TASK DATA –
________________

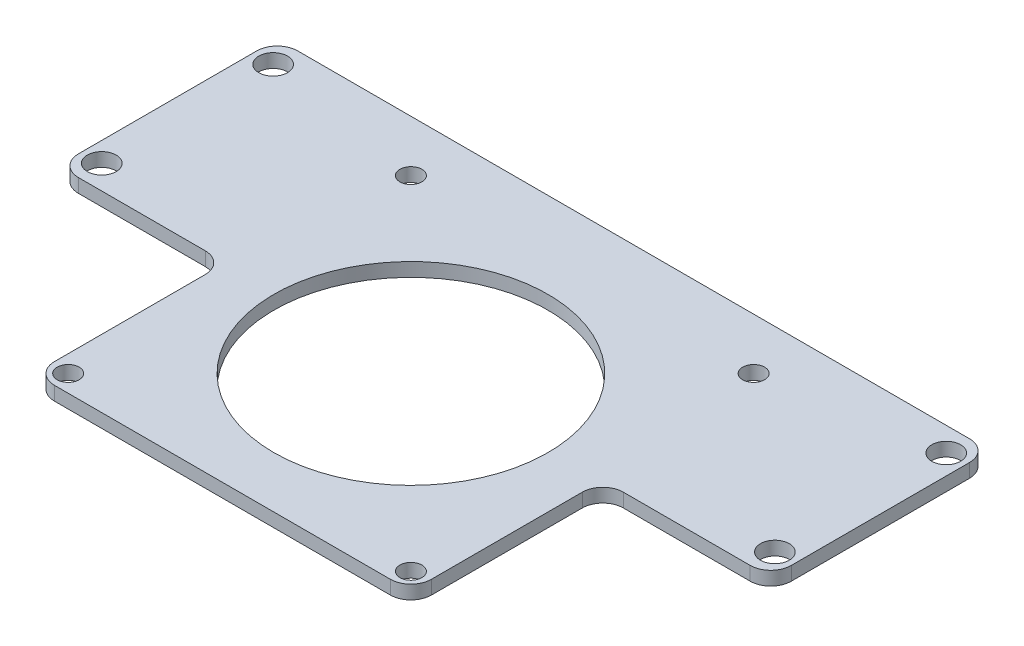
ISO-10303-21;
HEADER;
FILE_DESCRIPTION(('STEP AP214'),'2;1');
FILE_NAME('part.step','',(''),(''),'','','');
FILE_SCHEMA(('AUTOMOTIVE_DESIGN { 1 0 10303 214 1 1 1 1 }'));
ENDSEC;
DATA;
#1=APPLICATION_CONTEXT('core data for automotive mechanical design processes');
#2=APPLICATION_PROTOCOL_DEFINITION('international standard','automotive_design',2000,#1);
#3=PRODUCT_CONTEXT('',#1,'mechanical');
#4=PRODUCT('Part','Part','',(#3));
#5=PRODUCT_RELATED_PRODUCT_CATEGORY('part','',(#4));
#6=PRODUCT_DEFINITION_FORMATION('','',#4);
#7=PRODUCT_DEFINITION_CONTEXT('part definition',#1,'design');
#8=PRODUCT_DEFINITION('design','',#6,#7);
#9=PRODUCT_DEFINITION_SHAPE('','',#8);
#10=(LENGTH_UNIT() NAMED_UNIT(*) SI_UNIT(.MILLI.,.METRE.));
#11=(NAMED_UNIT(*) PLANE_ANGLE_UNIT() SI_UNIT($,.RADIAN.));
#12=(NAMED_UNIT(*) SI_UNIT($,.STERADIAN.) SOLID_ANGLE_UNIT());
#13=UNCERTAINTY_MEASURE_WITH_UNIT(LENGTH_MEASURE(1.E-05),#10,'distance_accuracy_value','');
#14=(GEOMETRIC_REPRESENTATION_CONTEXT(3) GLOBAL_UNCERTAINTY_ASSIGNED_CONTEXT((#13)) GLOBAL_UNIT_ASSIGNED_CONTEXT((#10,
#11,#12)) REPRESENTATION_CONTEXT('',''));
#15=CARTESIAN_POINT('',(0.,0.,0.));
#16=DIRECTION('',(0.,0.,1.));
#17=DIRECTION('',(1.,0.,0.));
#18=AXIS2_PLACEMENT_3D('',#15,#16,#17);
#19=CARTESIAN_POINT('',(27.5,2.,0.));
#20=DIRECTION('',(-1.,0.,0.));
#21=DIRECTION('',(0.,0.,1.));
#22=AXIS2_PLACEMENT_3D('',#19,#20,#21);
#23=PLANE('',#22);
#24=DIRECTION('',(0.,0.,-1.));
#25=VECTOR('',#24,1.);
#26=CARTESIAN_POINT('',(27.5,0.,0.));
#27=LINE('',#26,#25);
#28=CARTESIAN_POINT('',(27.5,0.,41.));
#29=VERTEX_POINT('',#28);
#30=CARTESIAN_POINT('',(27.5,0.,19.));
#31=VERTEX_POINT('',#30);
#32=EDGE_CURVE('E300',#29,#31,#27,.T.);
#33=ORIENTED_EDGE('',*,*,#32,.T.);
#34=DIRECTION('',(0.,-1.,0.));
#35=VECTOR('',#34,1.);
#36=CARTESIAN_POINT('',(27.5,2.,19.));
#37=LINE('',#36,#35);
#38=CARTESIAN_POINT('',(27.5,2.,19.));
#39=VERTEX_POINT('',#38);
#40=EDGE_CURVE('E218',#31,#39,#37,.F.);
#41=ORIENTED_EDGE('',*,*,#40,.T.);
#42=DIRECTION('',(0.,0.,-1.));
#43=VECTOR('',#42,1.);
#44=CARTESIAN_POINT('',(27.5,2.,0.));
#45=LINE('',#44,#43);
#46=CARTESIAN_POINT('',(27.5,2.,41.));
#47=VERTEX_POINT('',#46);
#48=EDGE_CURVE('E335',#47,#39,#45,.T.);
#49=ORIENTED_EDGE('',*,*,#48,.F.);
#50=DIRECTION('',(0.,-1.,0.));
#51=VECTOR('',#50,1.);
#52=CARTESIAN_POINT('',(27.5,2.,41.));
#53=LINE('',#52,#51);
#54=EDGE_CURVE('E215',#47,#29,#53,.T.);
#55=ORIENTED_EDGE('',*,*,#54,.T.);
#56=EDGE_LOOP('',(#33,#41,#49,#55));
#57=FACE_BOUND('',#56,.T.);
#58=ADVANCED_FACE('F37',(#57),#23,.F.);
#59=CARTESIAN_POINT('',(0.,2.,16.));
#60=DIRECTION('',(0.,0.,-1.));
#61=DIRECTION('',(-1.,0.,0.));
#62=AXIS2_PLACEMENT_3D('',#59,#60,#61);
#63=PLANE('',#62);
#64=DIRECTION('',(1.,0.,0.));
#65=VECTOR('',#64,1.);
#66=CARTESIAN_POINT('',(0.,0.,16.));
#67=LINE('',#66,#65);
#68=CARTESIAN_POINT('',(30.5,0.,16.));
#69=VERTEX_POINT('',#68);
#70=CARTESIAN_POINT('',(49.,0.,16.));
#71=VERTEX_POINT('',#70);
#72=EDGE_CURVE('E256',#69,#71,#67,.T.);
#73=ORIENTED_EDGE('',*,*,#72,.T.);
#74=DIRECTION('',(0.,-1.,0.));
#75=VECTOR('',#74,1.);
#76=CARTESIAN_POINT('',(49.,2.,16.));
#77=LINE('',#76,#75);
#78=CARTESIAN_POINT('',(49.,2.,16.));
#79=VERTEX_POINT('',#78);
#80=EDGE_CURVE('E213',#71,#79,#77,.F.);
#81=ORIENTED_EDGE('',*,*,#80,.T.);
#82=DIRECTION('',(1.,0.,0.));
#83=VECTOR('',#82,1.);
#84=CARTESIAN_POINT('',(0.,2.,16.));
#85=LINE('',#84,#83);
#86=CARTESIAN_POINT('',(30.5,2.,16.));
#87=VERTEX_POINT('',#86);
#88=EDGE_CURVE('E274',#87,#79,#85,.T.);
#89=ORIENTED_EDGE('',*,*,#88,.F.);
#90=DIRECTION('',(0.,-1.,0.));
#91=VECTOR('',#90,1.);
#92=CARTESIAN_POINT('',(30.5,0.,16.));
#93=LINE('',#92,#91);
#94=EDGE_CURVE('E210',#87,#69,#93,.T.);
#95=ORIENTED_EDGE('',*,*,#94,.T.);
#96=EDGE_LOOP('',(#73,#81,#89,#95));
#97=FACE_BOUND('',#96,.T.);
#98=ADVANCED_FACE('F362',(#97),#63,.F.);
#99=CARTESIAN_POINT('',(52.,2.,0.));
#100=DIRECTION('',(1.,0.,0.));
#101=DIRECTION('',(0.,0.,-1.));
#102=AXIS2_PLACEMENT_3D('',#99,#100,#101);
#103=PLANE('',#102);
#104=DIRECTION('',(0.,0.,1.));
#105=VECTOR('',#104,1.);
#106=CARTESIAN_POINT('',(52.,0.,0.));
#107=LINE('',#106,#105);
#108=CARTESIAN_POINT('',(52.,0.,-13.));
#109=VERTEX_POINT('',#108);
#110=CARTESIAN_POINT('',(52.,0.,13.));
#111=VERTEX_POINT('',#110);
#112=EDGE_CURVE('E172',#109,#111,#107,.T.);
#113=ORIENTED_EDGE('',*,*,#112,.F.);
#114=DIRECTION('',(0.,-1.,0.));
#115=VECTOR('',#114,1.);
#116=CARTESIAN_POINT('',(52.,2.,-13.));
#117=LINE('',#116,#115);
#118=CARTESIAN_POINT('',(52.,2.,-13.));
#119=VERTEX_POINT('',#118);
#120=EDGE_CURVE('E198',#109,#119,#117,.F.);
#121=ORIENTED_EDGE('',*,*,#120,.T.);
#122=DIRECTION('',(0.,0.,1.));
#123=VECTOR('',#122,1.);
#124=CARTESIAN_POINT('',(52.,2.,0.));
#125=LINE('',#124,#123);
#126=CARTESIAN_POINT('',(52.,2.,13.));
#127=VERTEX_POINT('',#126);
#128=EDGE_CURVE('E343',#119,#127,#125,.T.);
#129=ORIENTED_EDGE('',*,*,#128,.T.);
#130=DIRECTION('',(0.,-1.,0.));
#131=VECTOR('',#130,1.);
#132=CARTESIAN_POINT('',(52.,0.,13.));
#133=LINE('',#132,#131);
#134=EDGE_CURVE('E195',#127,#111,#133,.T.);
#135=ORIENTED_EDGE('',*,*,#134,.T.);
#136=EDGE_LOOP('',(#113,#121,#129,#135));
#137=FACE_BOUND('',#136,.T.);
#138=ADVANCED_FACE('F363',(#137),#103,.T.);
#139=CARTESIAN_POINT('',(0.,2.,-16.));
#140=DIRECTION('',(0.,0.,-1.));
#141=DIRECTION('',(-1.,0.,0.));
#142=AXIS2_PLACEMENT_3D('',#139,#140,#141);
#143=PLANE('',#142);
#144=DIRECTION('',(1.,0.,0.));
#145=VECTOR('',#144,1.);
#146=CARTESIAN_POINT('',(0.,2.,-16.));
#147=LINE('',#146,#145);
#148=CARTESIAN_POINT('',(-49.,2.,-16.));
#149=VERTEX_POINT('',#148);
#150=CARTESIAN_POINT('',(49.,2.,-16.));
#151=VERTEX_POINT('',#150);
#152=EDGE_CURVE('E346',#149,#151,#147,.T.);
#153=ORIENTED_EDGE('',*,*,#152,.T.);
#154=DIRECTION('',(0.,-1.,0.));
#155=VECTOR('',#154,1.);
#156=CARTESIAN_POINT('',(49.,2.,-16.));
#157=LINE('',#156,#155);
#158=CARTESIAN_POINT('',(49.,0.,-16.));
#159=VERTEX_POINT('',#158);
#160=EDGE_CURVE('E163',#151,#159,#157,.T.);
#161=ORIENTED_EDGE('',*,*,#160,.T.);
#162=DIRECTION('',(1.,0.,0.));
#163=VECTOR('',#162,1.);
#164=CARTESIAN_POINT('',(0.,0.,-16.));
#165=LINE('',#164,#163);
#166=CARTESIAN_POINT('',(-49.,0.,-16.));
#167=VERTEX_POINT('',#166);
#168=EDGE_CURVE('E155',#167,#159,#165,.T.);
#169=ORIENTED_EDGE('',*,*,#168,.F.);
#170=DIRECTION('',(0.,-1.,0.));
#171=VECTOR('',#170,1.);
#172=CARTESIAN_POINT('',(-49.,2.,-16.));
#173=LINE('',#172,#171);
#174=EDGE_CURVE('E169',#167,#149,#173,.F.);
#175=ORIENTED_EDGE('',*,*,#174,.T.);
#176=EDGE_LOOP('',(#153,#161,#169,#175));
#177=FACE_BOUND('',#176,.T.);
#178=ADVANCED_FACE('F168',(#177),#143,.T.);
#179=CARTESIAN_POINT('',(-52.,2.,0.));
#180=DIRECTION('',(1.,0.,0.));
#181=DIRECTION('',(0.,0.,-1.));
#182=AXIS2_PLACEMENT_3D('',#179,#180,#181);
#183=PLANE('',#182);
#184=DIRECTION('',(0.,0.,1.));
#185=VECTOR('',#184,1.);
#186=CARTESIAN_POINT('',(-52.,0.,0.));
#187=LINE('',#186,#185);
#188=CARTESIAN_POINT('',(-52.,0.,-13.));
#189=VERTEX_POINT('',#188);
#190=CARTESIAN_POINT('',(-52.,0.,13.));
#191=VERTEX_POINT('',#190);
#192=EDGE_CURVE('E157',#189,#191,#187,.T.);
#193=ORIENTED_EDGE('',*,*,#192,.T.);
#194=DIRECTION('',(0.,-1.,0.));
#195=VECTOR('',#194,1.);
#196=CARTESIAN_POINT('',(-52.,2.,13.));
#197=LINE('',#196,#195);
#198=CARTESIAN_POINT('',(-52.,2.,13.));
#199=VERTEX_POINT('',#198);
#200=EDGE_CURVE('E236',#191,#199,#197,.F.);
#201=ORIENTED_EDGE('',*,*,#200,.T.);
#202=DIRECTION('',(0.,0.,1.));
#203=VECTOR('',#202,1.);
#204=CARTESIAN_POINT('',(-52.,2.,0.));
#205=LINE('',#204,#203);
#206=CARTESIAN_POINT('',(-52.,2.,-13.));
#207=VERTEX_POINT('',#206);
#208=EDGE_CURVE('E272',#207,#199,#205,.T.);
#209=ORIENTED_EDGE('',*,*,#208,.F.);
#210=DIRECTION('',(0.,-1.,0.));
#211=VECTOR('',#210,1.);
#212=CARTESIAN_POINT('',(-52.,0.,-13.));
#213=LINE('',#212,#211);
#214=EDGE_CURVE('E234',#207,#189,#213,.T.);
#215=ORIENTED_EDGE('',*,*,#214,.T.);
#216=EDGE_LOOP('',(#193,#201,#209,#215));
#217=FACE_BOUND('',#216,.T.);
#218=ADVANCED_FACE('F354',(#217),#183,.F.);
#219=CARTESIAN_POINT('',(-49.,0.,16.));
#220=VERTEX_POINT('',#219);
#221=CARTESIAN_POINT('',(-30.5,0.,16.));
#222=VERTEX_POINT('',#221);
#223=EDGE_CURVE('E244',#220,#222,#67,.T.);
#224=ORIENTED_EDGE('',*,*,#223,.T.);
#225=DIRECTION('',(0.,-1.,0.));
#226=VECTOR('',#225,1.);
#227=CARTESIAN_POINT('',(-30.5,2.,16.));
#228=LINE('',#227,#226);
#229=CARTESIAN_POINT('',(-30.5,2.,16.));
#230=VERTEX_POINT('',#229);
#231=EDGE_CURVE('E232',#222,#230,#228,.F.);
#232=ORIENTED_EDGE('',*,*,#231,.T.);
#233=CARTESIAN_POINT('',(-49.,2.,16.));
#234=VERTEX_POINT('',#233);
#235=EDGE_CURVE('E264',#234,#230,#85,.T.);
#236=ORIENTED_EDGE('',*,*,#235,.F.);
#237=DIRECTION('',(0.,-1.,0.));
#238=VECTOR('',#237,1.);
#239=CARTESIAN_POINT('',(-49.,2.,16.));
#240=LINE('',#239,#238);
#241=EDGE_CURVE('E229',#234,#220,#240,.T.);
#242=ORIENTED_EDGE('',*,*,#241,.T.);
#243=EDGE_LOOP('',(#224,#232,#236,#242));
#244=FACE_BOUND('',#243,.T.);
#245=ADVANCED_FACE('F251',(#244),#63,.F.);
#246=CARTESIAN_POINT('',(-27.5,2.,0.));
#247=DIRECTION('',(-1.,0.,0.));
#248=DIRECTION('',(0.,0.,1.));
#249=AXIS2_PLACEMENT_3D('',#246,#247,#248);
#250=PLANE('',#249);
#251=DIRECTION('',(0.,0.,-1.));
#252=VECTOR('',#251,1.);
#253=CARTESIAN_POINT('',(-27.5,0.,0.));
#254=LINE('',#253,#252);
#255=CARTESIAN_POINT('',(-27.5,0.,41.));
#256=VERTEX_POINT('',#255);
#257=CARTESIAN_POINT('',(-27.5,0.,19.));
#258=VERTEX_POINT('',#257);
#259=EDGE_CURVE('E246',#256,#258,#254,.T.);
#260=ORIENTED_EDGE('',*,*,#259,.F.);
#261=DIRECTION('',(0.,-1.,0.));
#262=VECTOR('',#261,1.);
#263=CARTESIAN_POINT('',(-27.5,2.,41.));
#264=LINE('',#263,#262);
#265=CARTESIAN_POINT('',(-27.5,2.,41.));
#266=VERTEX_POINT('',#265);
#267=EDGE_CURVE('E227',#256,#266,#264,.F.);
#268=ORIENTED_EDGE('',*,*,#267,.T.);
#269=DIRECTION('',(0.,0.,-1.));
#270=VECTOR('',#269,1.);
#271=CARTESIAN_POINT('',(-27.5,2.,0.));
#272=LINE('',#271,#270);
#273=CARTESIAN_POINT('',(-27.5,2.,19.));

________________

YOUR ASSIGNMENT –
Beginning with the line holding "#19=CARTESIAN_POINT('',(27.5,2.,0.));" and ending with the line holding "#33=ORIENTED_EDGE('',*,*,#32,.T.);", write out the stretch of material above exactly; add no further lines.

THE ANSWER –
#19=CARTESIAN_POINT('',(27.5,2.,0.));
#20=DIRECTION('',(-1.,0.,0.));
#21=DIRECTION('',(0.,0.,1.));
#22=AXIS2_PLACEMENT_3D('',#19,#20,#21);
#23=PLANE('',#22);
#24=DIRECTION('',(0.,0.,-1.));
#25=VECTOR('',#24,1.);
#26=CARTESIAN_POINT('',(27.5,0.,0.));
#27=LINE('',#26,#25);
#28=CARTESIAN_POINT('',(27.5,0.,41.));
#29=VERTEX_POINT('',#28);
#30=CARTESIAN_POINT('',(27.5,0.,19.));
#31=VERTEX_POINT('',#30);
#32=EDGE_CURVE('E300',#29,#31,#27,.T.);
#33=ORIENTED_EDGE('',*,*,#32,.T.);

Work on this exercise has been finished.